Task inputs:

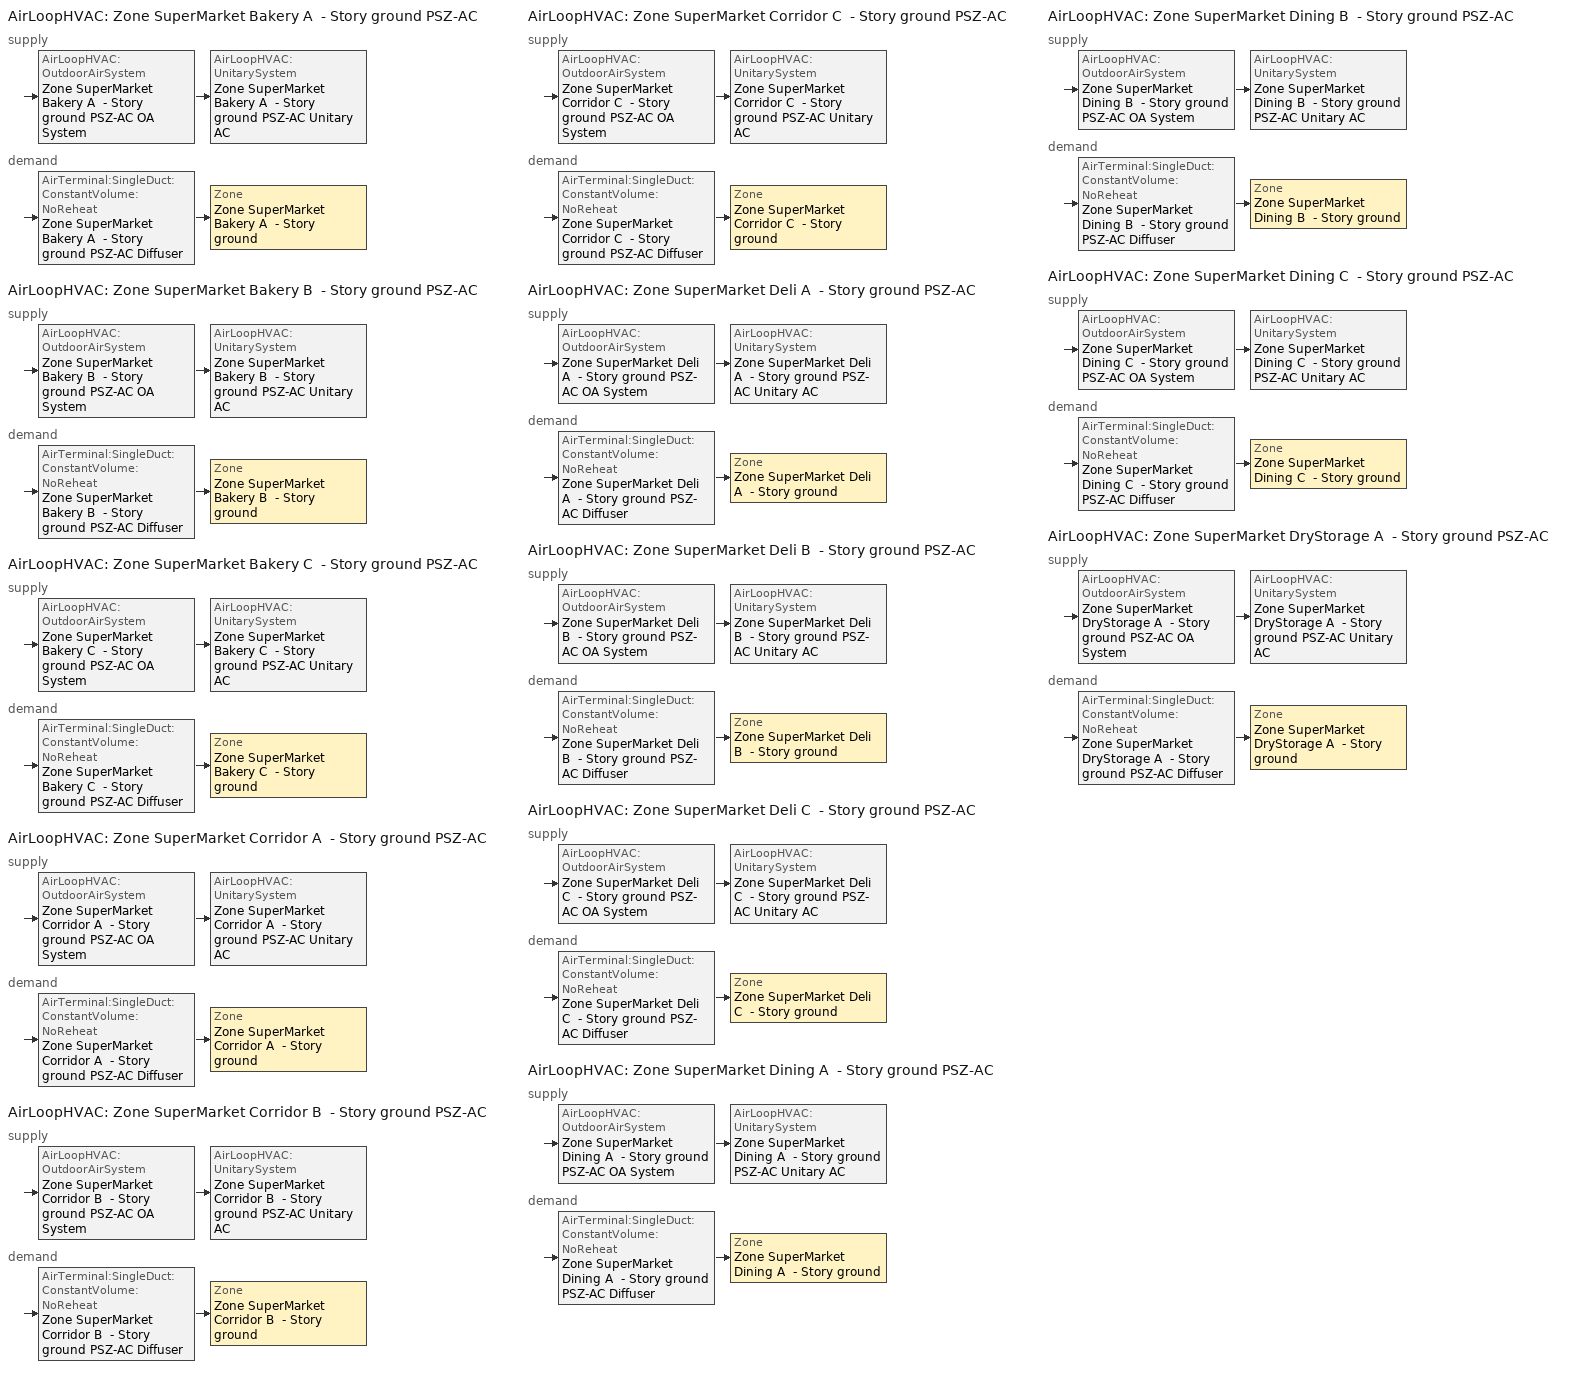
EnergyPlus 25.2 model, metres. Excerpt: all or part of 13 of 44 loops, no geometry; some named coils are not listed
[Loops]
AirLoopHVAC 'Zone SuperMarket Bakery A  - Story ground PSZ-AC'
 supply: AirLoopHVAC:OutdoorAirSystem 'Zone SuperMarket Bakery A  - Story ground PSZ-AC OA System' > AirLoopHVAC:UnitarySystem 'Zone SuperMarket Bakery A  - Story ground PSZ-AC Unitary AC'
 demand: AirTerminal:SingleDuct:ConstantVolume:NoReheat 'Zone SuperMarket Bakery A  - Story ground PSZ-AC Diffuser' > Zone 'Zone SuperMarket Bakery A  - Story ground'
AirLoopHVAC 'Zone SuperMarket Bakery B  - Story ground PSZ-AC'
 supply: AirLoopHVAC:OutdoorAirSystem 'Zone SuperMarket Bakery B  - Story ground PSZ-AC OA System' > AirLoopHVAC:UnitarySystem 'Zone SuperMarket Bakery B  - Story ground PSZ-AC Unitary AC'
 demand: AirTerminal:SingleDuct:ConstantVolume:NoReheat 'Zone SuperMarket Bakery B  - Story ground PSZ-AC Diffuser' > Zone 'Zone SuperMarket Bakery B  - Story ground'
AirLoopHVAC 'Zone SuperMarket Bakery C  - Story ground PSZ-AC'
 supply: AirLoopHVAC:OutdoorAirSystem 'Zone SuperMarket Bakery C  - Story ground PSZ-AC OA System' > AirLoopHVAC:UnitarySystem 'Zone SuperMarket Bakery C  - Story ground PSZ-AC Unitary AC'
 demand: AirTerminal:SingleDuct:ConstantVolume:NoReheat 'Zone SuperMarket Bakery C  - Story ground PSZ-AC Diffuser' > Zone 'Zone SuperMarket Bakery C  - Story ground'
AirLoopHVAC 'Zone SuperMarket Corridor A  - Story ground PSZ-AC'
 supply: AirLoopHVAC:OutdoorAirSystem 'Zone SuperMarket Corridor A  - Story ground PSZ-AC OA System' > AirLoopHVAC:UnitarySystem 'Zone SuperMarket Corridor A  - Story ground PSZ-AC Unitary AC'
 demand: AirTerminal:SingleDuct:ConstantVolume:NoReheat 'Zone SuperMarket Corridor A  - Story ground PSZ-AC Diffuser' > Zone 'Zone SuperMarket Corridor A  - Story ground'
AirLoopHVAC 'Zone SuperMarket Corridor B  - Story ground PSZ-AC'
 supply: AirLoopHVAC:OutdoorAirSystem 'Zone SuperMarket Corridor B  - Story ground PSZ-AC OA System' > AirLoopHVAC:UnitarySystem 'Zone SuperMarket Corridor B  - Story ground PSZ-AC Unitary AC'
 demand: AirTerminal:SingleDuct:ConstantVolume:NoReheat 'Zone SuperMarket Corridor B  - Story ground PSZ-AC Diffuser' > Zone 'Zone SuperMarket Corridor B  - Story ground'
AirLoopHVAC 'Zone SuperMarket Corridor C  - Story ground PSZ-AC'
 supply: AirLoopHVAC:OutdoorAirSystem 'Zone SuperMarket Corridor C  - Story ground PSZ-AC OA System' > AirLoopHVAC:UnitarySystem 'Zone SuperMarket Corridor C  - Story ground PSZ-AC Unitary AC'
 demand: AirTerminal:SingleDuct:ConstantVolume:NoReheat 'Zone SuperMarket Corridor C  - Story ground PSZ-AC Diffuser' > Zone 'Zone SuperMarket Corridor C  - Story ground'
AirLoopHVAC 'Zone SuperMarket Deli A  - Story ground PSZ-AC'
 supply: AirLoopHVAC:OutdoorAirSystem 'Zone SuperMarket Deli A  - Story ground PSZ-AC OA System' > AirLoopHVAC:UnitarySystem 'Zone SuperMarket Deli A  - Story ground PSZ-AC Unitary AC'
 demand: AirTerminal:SingleDuct:ConstantVolume:NoReheat 'Zone SuperMarket Deli A  - Story ground PSZ-AC Diffuser' > Zone 'Zone SuperMarket Deli A  - Story ground'
AirLoopHVAC 'Zone SuperMarket Deli B  - Story ground PSZ-AC'
 supply: AirLoopHVAC:OutdoorAirSystem 'Zone SuperMarket Deli B  - Story ground PSZ-AC OA System' > AirLoopHVAC:UnitarySystem 'Zone SuperMarket Deli B  - Story ground PSZ-AC Unitary AC'
 demand: AirTerminal:SingleDuct:ConstantVolume:NoReheat 'Zone SuperMarket Deli B  - Story ground PSZ-AC Diffuser' > Zone 'Zone SuperMarket Deli B  - Story ground'
AirLoopHVAC 'Zone SuperMarket Deli C  - Story ground PSZ-AC'
 supply: AirLoopHVAC:OutdoorAirSystem 'Zone SuperMarket Deli C  - Story ground PSZ-AC OA System' > AirLoopHVAC:UnitarySystem 'Zone SuperMarket Deli C  - Story ground PSZ-AC Unitary AC'
 demand: AirTerminal:SingleDuct:ConstantVolume:NoReheat 'Zone SuperMarket Deli C  - Story ground PSZ-AC Diffuser' > Zone 'Zone SuperMarket Deli C  - Story ground'
AirLoopHVAC 'Zone SuperMarket Dining A  - Story ground PSZ-AC'
 supply: AirLoopHVAC:OutdoorAirSystem 'Zone SuperMarket Dining A  - Story ground PSZ-AC OA System' > AirLoopHVAC:UnitarySystem 'Zone SuperMarket Dining A  - Story ground PSZ-AC Unitary AC'
 demand: AirTerminal:SingleDuct:ConstantVolume:NoReheat 'Zone SuperMarket Dining A  - Story ground PSZ-AC Diffuser' > Zone 'Zone SuperMarket Dining A  - Story ground'
AirLoopHVAC 'Zone SuperMarket Dining B  - Story ground PSZ-AC'
 supply: AirLoopHVAC:OutdoorAirSystem 'Zone SuperMarket Dining B  - Story ground PSZ-AC OA System' > AirLoopHVAC:UnitarySystem 'Zone SuperMarket Dining B  - Story ground PSZ-AC Unitary AC'
 demand: AirTerminal:SingleDuct:ConstantVolume:NoReheat 'Zone SuperMarket Dining B  - Story ground PSZ-AC Diffuser' > Zone 'Zone SuperMarket Dining B  - Story ground'
AirLoopHVAC 'Zone SuperMarket Dining C  - Story ground PSZ-AC'
 supply: AirLoopHVAC:OutdoorAirSystem 'Zone SuperMarket Dining C  - Story ground PSZ-AC OA System' > AirLoopHVAC:UnitarySystem 'Zone SuperMarket Dining C  - Story ground PSZ-AC Unitary AC'
 demand: AirTerminal:SingleDuct:ConstantVolume:NoReheat 'Zone SuperMarket Dining C  - Story ground PSZ-AC Diffuser' > Zone 'Zone SuperMarket Dining C  - Story ground'
AirLoopHVAC 'Zone SuperMarket DryStorage A  - Story ground PSZ-AC'
 supply: AirLoopHVAC:OutdoorAirSystem 'Zone SuperMarket DryStorage A  - Story ground PSZ-AC OA System' > AirLoopHVAC:UnitarySystem 'Zone SuperMarket DryStorage A  - Story ground PSZ-AC Unitary AC'
 demand: AirTerminal:SingleDuct:ConstantVolume:NoReheat 'Zone SuperMarket DryStorage A  - Story ground PSZ-AC Diffuser' > Zone 'Zone SuperMarket DryStorage A  - Story ground'
[ZoneControl:Thermostat] Temperature Difference Between Cutout And Setpoint {deltaC}=0
Name | Zone or ZoneList | Control Type Schedule | Control 1
Zone SuperMarket Bakery A  - Story ground Thermostat | Zone SuperMarket Bakery A  - Story ground | Zone SuperMarket Bakery A  - Story ground Thermostat Schedule | SuperMarket Bakery - 90.1-2019 Thermostat 1
Zone SuperMarket Bakery B  - Story ground Thermostat | Zone SuperMarket Bakery B  - Story ground | Zone SuperMarket Bakery B  - Story ground Thermostat Schedule | SuperMarket Bakery - 90.1-2019 Thermostat 2
Zone SuperMarket Bakery C  - Story ground Thermostat | Zone SuperMarket Bakery C  - Story ground | Zone SuperMarket Bakery C  - Story ground Thermostat Schedule | SuperMarket Bakery - 90.1-2019 Thermostat
Zone SuperMarket Corridor A  - Story ground Thermostat | Zone SuperMarket Corridor A  - Story ground | Zone SuperMarket Corridor A  - Story ground Thermostat Schedule | SuperMarket Corridor - 90.1-2019 Thermostat 1
Zone SuperMarket Corridor B  - Story ground Thermostat | Zone SuperMarket Corridor B  - Story ground | Zone SuperMarket Corridor B  - Story ground Thermostat Schedule | SuperMarket Corridor - 90.1-2019 Thermostat 2
Zone SuperMarket Corridor C  - Story ground Thermostat | Zone SuperMarket Corridor C  - Story ground | Zone SuperMarket Corridor C  - Story ground Thermostat Schedule | SuperMarket Corridor - 90.1-2019 Thermostat
Zone SuperMarket Deli A  - Story ground Thermostat | Zone SuperMarket Deli A  - Story ground | Zone SuperMarket Deli A  - Story ground Thermostat Schedule | SuperMarket Deli - 90.1-2019 Thermostat 2
Zone SuperMarket Deli B  - Story ground Thermostat | Zone SuperMarket Deli B  - Story ground | Zone SuperMarket Deli B  - Story ground Thermostat Schedule | SuperMarket Deli - 90.1-2019 Thermostat 1
Zone SuperMarket Deli C  - Story ground Thermostat | Zone SuperMarket Deli C  - Story ground | Zone SuperMarket Deli C  - Story ground Thermostat Schedule | SuperMarket Deli - 90.1-2019 Thermostat
Zone SuperMarket Dining A  - Story ground Thermostat | Zone SuperMarket Dining A  - Story ground | Zone SuperMarket Dining A  - Story ground Thermostat Schedule | SuperMarket Dining - 90.1-2019 Thermostat
Zone SuperMarket Dining B  - Story ground Thermostat | Zone SuperMarket Dining B  - Story ground | Zone SuperMarket Dining B  - Story ground Thermostat Schedule | SuperMarket Dining - 90.1-2019 Thermostat 2
Zone SuperMarket Dining C  - Story ground Thermostat | Zone SuperMarket Dining C  - Story ground | Zone SuperMarket Dining C  - Story ground Thermostat Schedule | SuperMarket Dining - 90.1-2019 Thermostat 1
Zone SuperMarket DryStorage A  - Story ground Thermostat | Zone SuperMarket DryStorage A  - Story ground | Zone SuperMarket DryStorage A  - Story ground Thermostat Schedule | SuperMarket DryStorage - 90.1-2019 Thermostat
[ThermostatSetpoint:DualSetpoint]
Name | Heating Setpoint Temperature Schedule | Cooling Setpoint Temperature Schedule
SuperMarket Bakery - 90.1-2019 Thermostat 1; SuperMarket Bakery - 90.1-2019 Thermostat 2; SuperMarket Bakery - 90.1-2019 Thermostat; SuperMarket Deli - 90.1-2019 Thermostat 2; SuperMarket Deli - 90.1-2019 Thermostat 1; SuperMarket Deli - 90.1-2019 Thermostat; SuperMarket Dining - 90.1-2019 Thermostat; SuperMarket Dining - 90.1-2019 Thermostat 2; SuperMarket Dining - 90.1-2019 Thermostat 1; SuperMarket DryStorage - 90.1-2019 Thermostat | SuperMarket HtgSetp_Enduse | SuperMarket ClgSetp_Enduse
SuperMarket Corridor - 90.1-2019 Thermostat 1; SuperMarket Corridor - 90.1-2019 Thermostat 2; SuperMarket Corridor - 90.1-2019 Thermostat | SuperMarket HtgSetp | SuperMarket ClgSetp
[Fan:ZoneExhaust] Availability Schedule=Always On Discrete; Fan Total Efficiency=0.455889; Pressure Rise {Pa}=124.544; Flow Fraction Schedule=Always On Discrete; System Availability Manager Coupling Mode=Decoupled
Name | Maximum Flow Rate {m3/s}
Zone SuperMarket Bakery A  - Story ground Exhaust Fan; Zone SuperMarket Bakery C  - Story ground Exhaust Fan | 0.114032
Zone SuperMarket Bakery B  - Story ground Exhaust Fan | 1.08867
Zone SuperMarket Deli A  - Story ground Exhaust Fan; Zone SuperMarket Deli C  - Story ground Exhaust Fan | 0.122471
Zone SuperMarket Deli B  - Story ground Exhaust Fan | 1.16923
[AirTerminal:SingleDuct:ConstantVolume:NoReheat] Availability Schedule=Always On Discrete; Maximum Air Flow Rate {m3/s}=AutoSize
Zone SuperMarket Bakery A  - Story ground PSZ-AC Diffuser; Zone SuperMarket Bakery B  - Story ground PSZ-AC Diffuser; Zone SuperMarket Bakery C  - Story ground PSZ-AC Diffuser; Zone SuperMarket Corridor A  - Story ground PSZ-AC Diffuser; Zone SuperMarket Corridor B  - Story ground PSZ-AC Diffuser; Zone SuperMarket Corridor C  - Story ground PSZ-AC Diffuser; Zone SuperMarket Deli A  - Story ground PSZ-AC Diffuser; Zone SuperMarket Deli B  - Story ground PSZ-AC Diffuser; Zone SuperMarket Deli C  - Story ground PSZ-AC Diffuser; Zone SuperMarket Dining A  - Story ground PSZ-AC Diffuser; Zone SuperMarket Dining B  - Story ground PSZ-AC Diffuser; Zone SuperMarket Dining C  - Story ground PSZ-AC Diffuser; Zone SuperMarket DryStorage A  - Story ground PSZ-AC Diffuser
[Zone equipment]
Zone SuperMarket Bakery A  - Story ground: Zone SuperMarket Bakery A  - Story ground Exhaust Fan, Zone SuperMarket Bakery A  - Story ground PSZ-AC Diffuser
Zone SuperMarket Bakery B  - Story ground: Zone SuperMarket Bakery B  - Story ground Exhaust Fan, Zone SuperMarket Bakery B  - Story ground PSZ-AC Diffuser
Zone SuperMarket Bakery C  - Story ground: Zone SuperMarket Bakery C  - Story ground Exhaust Fan, Zone SuperMarket Bakery C  - Story ground PSZ-AC Diffuser
Zone SuperMarket Corridor A  - Story ground: Zone SuperMarket Corridor A  - Story ground PSZ-AC Diffuser
Zone SuperMarket Corridor B  - Story ground: Zone SuperMarket Corridor B  - Story ground PSZ-AC Diffuser
Zone SuperMarket Corridor C  - Story ground: Zone SuperMarket Corridor C  - Story ground PSZ-AC Diffuser
Zone SuperMarket Deli A  - Story ground: Zone SuperMarket Deli A  - Story ground Exhaust Fan, Zone SuperMarket Deli A  - Story ground PSZ-AC Diffuser
Zone SuperMarket Deli B  - Story ground: Zone SuperMarket Deli B  - Story ground Exhaust Fan, Zone SuperMarket Deli B  - Story ground PSZ-AC Diffuser
Zone SuperMarket Deli C  - Story ground: Zone SuperMarket Deli C  - Story ground Exhaust Fan, Zone SuperMarket Deli C  - Story ground PSZ-AC Diffuser
Zone SuperMarket Dining A  - Story ground: Zone SuperMarket Dining A  - Story ground PSZ-AC Diffuser
Zone SuperMarket Dining B  - Story ground: Zone SuperMarket Dining B  - Story ground PSZ-AC Diffuser
Zone SuperMarket Dining C  - Story ground: Zone SuperMarket Dining C  - Story ground PSZ-AC Diffuser
Zone SuperMarket DryStorage A  - Story ground: Zone SuperMarket DryStorage A  - Story ground PSZ-AC Diffuser
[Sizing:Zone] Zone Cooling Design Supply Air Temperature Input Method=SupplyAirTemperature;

Aim of the exercise:
Using the entries shown above, reproduce verbatim the lines from the line bearing "Zone 'Zone SuperMarket Dining A" to the line bearing "AirLoopHVAC:OutdoorAirSystem 'Zone SuperMarket DryStorage", inclusive.

Answer section:
 demand: AirTerminal:SingleDuct:ConstantVolume:NoReheat 'Zone SuperMarket Dining A  - Story ground PSZ-AC Diffuser' > Zone 'Zone SuperMarket Dining A  - Story ground'
AirLoopHVAC 'Zone SuperMarket Dining B  - Story ground PSZ-AC'
 supply: AirLoopHVAC:OutdoorAirSystem 'Zone SuperMarket Dining B  - Story ground PSZ-AC OA System' > AirLoopHVAC:UnitarySystem 'Zone SuperMarket Dining B  - Story ground PSZ-AC Unitary AC'
 demand: AirTerminal:SingleDuct:ConstantVolume:NoReheat 'Zone SuperMarket Dining B  - Story ground PSZ-AC Diffuser' > Zone 'Zone SuperMarket Dining B  - Story ground'
AirLoopHVAC 'Zone SuperMarket Dining C  - Story ground PSZ-AC'
 supply: AirLoopHVAC:OutdoorAirSystem 'Zone SuperMarket Dining C  - Story ground PSZ-AC OA System' > AirLoopHVAC:UnitarySystem 'Zone SuperMarket Dining C  - Story ground PSZ-AC Unitary AC'
 demand: AirTerminal:SingleDuct:ConstantVolume:NoReheat 'Zone SuperMarket Dining C  - Story ground PSZ-AC Diffuser' > Zone 'Zone SuperMarket Dining C  - Story ground'
AirLoopHVAC 'Zone SuperMarket DryStorage A  - Story ground PSZ-AC'
 supply: AirLoopHVAC:OutdoorAirSystem 'Zone SuperMarket DryStorage A  - Story ground PSZ-AC OA System' > AirLoopHVAC:UnitarySystem 'Zone SuperMarket DryStorage A  - Story ground PSZ-AC Unitary AC'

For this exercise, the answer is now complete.